Introduction: Rhetorical Rationale for Publicity and Promotion

Section Two undertakes the daunting challenge of offering thoughts that are useful to promotion and publicity. Five chapters offer insights, but don’t offer formulae for how to be effective in these traditional public relations endeavors. In fact, the chapters tend to focus more on what failures plague successful efforts to achieve effective promotion and publicity.
Broadly defined, publicity and promotion are the timeless public relations functions that work to draw favorable attention to an organization, product, service, event, or other matter typically used to increase revenue. These strategic options are used to give voice to an organization, to make it public, to create interest in and understanding of its persona. Used well, the organization’s character, what it does, the products it provides, and the services it can supply are brought into the community in constructive and reflective ways. To frame the topics discussed by the chapters let’s recall the principles and theory previously explained.

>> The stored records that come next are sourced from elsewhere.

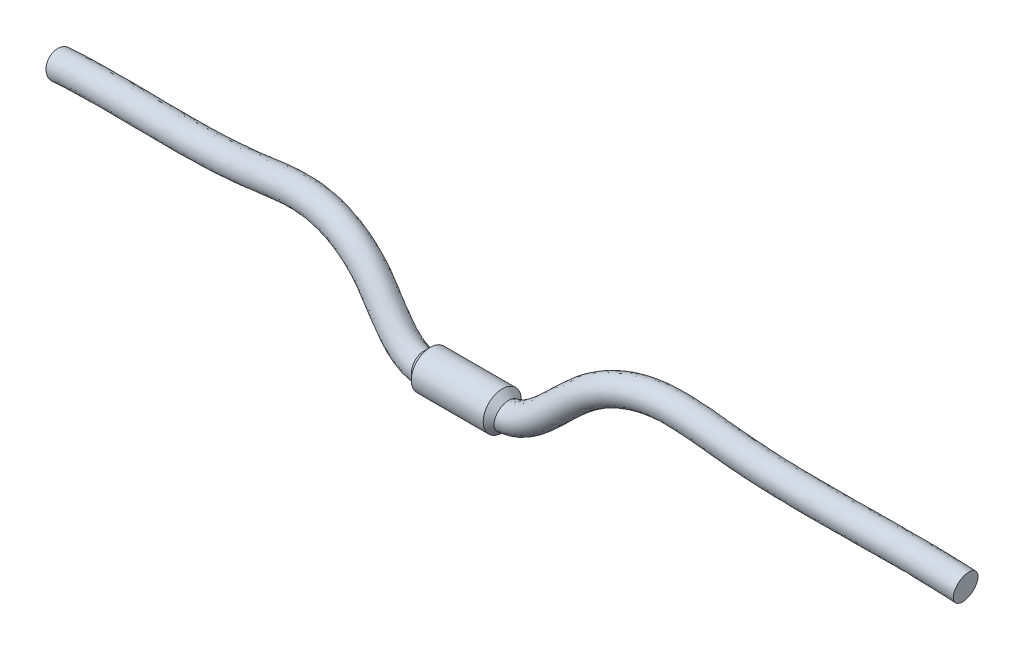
ISO-10303-21;
HEADER;
FILE_DESCRIPTION(('STEP AP214'),'2;1');
FILE_NAME('part.step','',(''),(''),'','','');
FILE_SCHEMA(('AUTOMOTIVE_DESIGN { 1 0 10303 214 1 1 1 1 }'));
ENDSEC;
DATA;
#1=APPLICATION_CONTEXT('core data for automotive mechanical design processes');
#2=APPLICATION_PROTOCOL_DEFINITION('international standard','automotive_design',2000,#1);
#3=PRODUCT_CONTEXT('',#1,'mechanical');
#4=PRODUCT('Part','Part','',(#3));
#5=PRODUCT_RELATED_PRODUCT_CATEGORY('part','',(#4));
#6=PRODUCT_DEFINITION_FORMATION('','',#4);
#7=PRODUCT_DEFINITION_CONTEXT('part definition',#1,'design');
#8=PRODUCT_DEFINITION('design','',#6,#7);
#9=PRODUCT_DEFINITION_SHAPE('','',#8);
#10=(LENGTH_UNIT() NAMED_UNIT(*) SI_UNIT(.MILLI.,.METRE.));
#11=(NAMED_UNIT(*) PLANE_ANGLE_UNIT() SI_UNIT($,.RADIAN.));
#12=(NAMED_UNIT(*) SI_UNIT($,.STERADIAN.) SOLID_ANGLE_UNIT());
#13=UNCERTAINTY_MEASURE_WITH_UNIT(LENGTH_MEASURE(1.E-05),#10,'distance_accuracy_value','');
#14=(GEOMETRIC_REPRESENTATION_CONTEXT(3) GLOBAL_UNCERTAINTY_ASSIGNED_CONTEXT((#13)) GLOBAL_UNIT_ASSIGNED_CONTEXT((#10,
#11,#12)) REPRESENTATION_CONTEXT('',''));
#15=CARTESIAN_POINT('',(0.,0.,0.));
#16=DIRECTION('',(0.,0.,1.));
#17=DIRECTION('',(1.,0.,0.));
#18=AXIS2_PLACEMENT_3D('',#15,#16,#17);
#19=CARTESIAN_POINT('',(377.5,27.,-39.));
#20=DIRECTION('',(0.986645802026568,-0.142129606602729,-0.0795564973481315));
#21=DIRECTION('',(0.142581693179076,0.98978303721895,1.95231058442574E-06));
#22=AXIS2_PLACEMENT_3D('',#19,#20,#21);
#23=PLANE('',#22);
#24=CARTESIAN_POINT('',(377.5,27.,-39.));
#25=DIRECTION('',(0.986645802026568,-0.142129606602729,-0.0795564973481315));
#26=DIRECTION('',(0.142581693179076,0.98978303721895,1.95231058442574E-06));
#27=AXIS2_PLACEMENT_3D('',#24,#25,#26);
#28=CIRCLE('',#27,11.1);
#29=CARTESIAN_POINT('',(379.082656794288,37.9865917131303,-38.9999783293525));
#30=VERTEX_POINT('',#29);
#31=EDGE_CURVE('E104',#30,#30,#28,.T.);
#32=ORIENTED_EDGE('',*,*,#31,.T.);
#33=EDGE_LOOP('',(#32));
#34=FACE_BOUND('',#33,.T.);
#35=ADVANCED_FACE('F43',(#34),#23,.T.);
#36=CARTESIAN_POINT('',(-379.082655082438,37.9865919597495,-39.));
#37=CARTESIAN_POINT('',(-348.820429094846,42.345966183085,-36.5598571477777));
#38=CARTESIAN_POINT('',(-318.997901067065,44.5450038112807,-33.7259870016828));
#39=CARTESIAN_POINT('',(-260.113273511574,49.8227016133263,-27.886747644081));
#40=CARTESIAN_POINT('',(-231.055447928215,52.8995056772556,-24.8818753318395));
#41=CARTESIAN_POINT('',(-192.475470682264,60.8950454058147,-21.1215513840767));
#42=CARTESIAN_POINT('',(-182.360661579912,63.3465506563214,-20.1562300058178));
#43=CARTESIAN_POINT('',(-161.422863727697,67.0181435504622,-18.0968240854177));
#44=CARTESIAN_POINT('',(-150.571110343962,68.2427852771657,-16.999893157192));
#45=CARTESIAN_POINT('',(-129.476753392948,66.9943686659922,-14.6980417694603));
#46=CARTESIAN_POINT('',(-119.634925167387,64.9436688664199,-13.5553211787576));
#47=CARTESIAN_POINT('',(-100.761451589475,58.0229794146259,-10.996157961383));
#48=CARTESIAN_POINT('',(-91.7281589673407,53.1507518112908,-9.57938941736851));
#49=CARTESIAN_POINT('',(-78.6023219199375,43.2391336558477,-6.99529850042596));
#50=CARTESIAN_POINT('',(-74.201345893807,39.2489684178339,-6.00543853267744));
#51=CARTESIAN_POINT('',(-65.9064147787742,31.4117239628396,-4.10908377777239));
#52=CARTESIAN_POINT('',(-62.0103620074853,27.5610135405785,-3.2019187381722));
#53=CARTESIAN_POINT('',(-54.4897732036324,20.7026103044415,-1.60759295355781));
#54=CARTESIAN_POINT('',(-50.8662423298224,17.7048516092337,-0.922735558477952));
#55=CARTESIAN_POINT('',(-45.6379359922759,14.2808604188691,-0.145892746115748));
#56=CARTESIAN_POINT('',(-43.9324188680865,13.3161059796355,0.0717938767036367));
#57=CARTESIAN_POINT('',(-40.5880273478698,11.7591525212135,0.422205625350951));
#58=CARTESIAN_POINT('',(-38.9512767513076,11.1657314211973,0.555200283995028));
#59=CARTESIAN_POINT('',(-35.2430028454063,10.225475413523,0.765959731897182));
#60=CARTESIAN_POINT('',(-32.8758664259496,9.91633179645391,0.83525462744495));
#61=CARTESIAN_POINT('',(-27.5417353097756,9.68094134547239,0.888017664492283));
#62=CARTESIAN_POINT('',(-24.5846642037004,9.7558545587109,0.871225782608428));
#63=CARTESIAN_POINT('',(-18.2210894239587,10.112017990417,0.791391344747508));
#64=CARTESIAN_POINT('',(-14.8164471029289,10.3913724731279,0.728773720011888));
#65=CARTESIAN_POINT('',(-7.65776276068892,10.8779642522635,0.619703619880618));
#66=CARTESIAN_POINT('',(-3.9024901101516,11.0851873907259,0.573254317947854));
#67=CARTESIAN_POINT('',(3.9024901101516,11.0851873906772,0.573254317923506));
#68=CARTESIAN_POINT('',(7.65776276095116,10.8779642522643,0.619703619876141));
#69=CARTESIAN_POINT('',(14.8164471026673,10.3913724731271,0.728773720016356));
#70=CARTESIAN_POINT('',(18.2210894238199,10.1120179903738,0.791391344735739));
#71=CARTESIAN_POINT('',(24.5846642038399,9.75585455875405,0.871225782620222));
#72=CARTESIAN_POINT('',(27.541735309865,9.68094134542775,0.888017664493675));
#73=CARTESIAN_POINT('',(32.8758664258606,9.91633179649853,0.835254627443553));
#74=CARTESIAN_POINT('',(35.2430028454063,10.2254754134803,0.765959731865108));
#75=CARTESIAN_POINT('',(38.9512767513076,11.1657314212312,0.555200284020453));
#76=CARTESIAN_POINT('',(40.5880273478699,11.7591525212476,0.422205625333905));
#77=CARTESIAN_POINT('',(43.9324188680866,13.3161059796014,0.0717938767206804));
#78=CARTESIAN_POINT('',(45.6379357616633,14.2808604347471,-0.145894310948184));
#79=CARTESIAN_POINT('',(50.8662423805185,17.704851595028,-0.922735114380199));
#80=CARTESIAN_POINT('',(54.489772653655,20.7026102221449,-1.60759571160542));
#81=CARTESIAN_POINT('',(62.0103637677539,27.5610137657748,-3.20190965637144));
#82=CARTESIAN_POINT('',(65.9064146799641,31.4117239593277,-4.10908435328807));
#83=CARTESIAN_POINT('',(74.2013515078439,39.2489692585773,-6.00541037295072));
#84=CARTESIAN_POINT('',(78.6023252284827,43.2391340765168,-6.99528143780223));
#85=CARTESIAN_POINT('',(91.7281618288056,53.1507518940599,-9.5793722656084));
#86=CARTESIAN_POINT('',(100.761454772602,58.0229793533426,-10.9961368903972));
#87=CARTESIAN_POINT('',(119.634927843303,64.9436686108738,-13.5552998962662));
#88=CARTESIAN_POINT('',(129.476755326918,66.9943684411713,-14.6980250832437));
#89=CARTESIAN_POINT('',(150.571112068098,68.2427850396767,-16.9998764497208));
#90=CARTESIAN_POINT('',(161.422865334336,67.0181433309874,-18.0968078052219));
#91=CARTESIAN_POINT('',(182.360663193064,63.3465504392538,-20.1562127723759));
#92=CARTESIAN_POINT('',(192.475472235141,60.8950451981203,-21.1215347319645));
#93=CARTESIAN_POINT('',(231.055449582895,52.8995054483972,-24.8818586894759));
#94=CARTESIAN_POINT('',(260.113275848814,49.8227012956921,-27.8867243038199));
#95=CARTESIAN_POINT('',(318.997902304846,44.5450036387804,-33.7259738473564));
#96=CARTESIAN_POINT('',(348.820431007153,42.345965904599,-36.5598354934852));
#97=CARTESIAN_POINT('',(379.082656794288,37.9865917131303,-38.9999783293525));
#98=CARTESIAN_POINT('',(-380.83076463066,37.7347709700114,-16.8703660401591));
#99=CARTESIAN_POINT('',(-350.78426165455,42.0630695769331,-14.4476176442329));
#100=CARTESIAN_POINT('',(-321.103727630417,44.2535467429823,-11.6279325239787));
#101=CARTESIAN_POINT('',(-262.33578093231,49.5207822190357,-5.80026377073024));
#102=CARTESIAN_POINT('',(-233.252243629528,52.5957124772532,-2.79267824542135));
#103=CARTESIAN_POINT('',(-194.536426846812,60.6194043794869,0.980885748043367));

Publicity and promotion are the timeless public relations strategies that work to bring attention to some matter and work to make that attention positive—and motivational. Having said that, we note first the need to beware of the paradox of the positive or paradox of the negative, and we realize that some publicity and promotion is devoted to overstate benefits or harms of some matter. These paradoxes occur when cases are so positive that they ignore negative aspects of some matter. Likewise, the paradox of the negative so focuses on negative aspects of some matter that it ignores what may reasonably be positive aspects. Is this, then, a call for balance? Is it a corrective against incentives practitioners have for clients to give a clouded lens as they build their cases on some matter?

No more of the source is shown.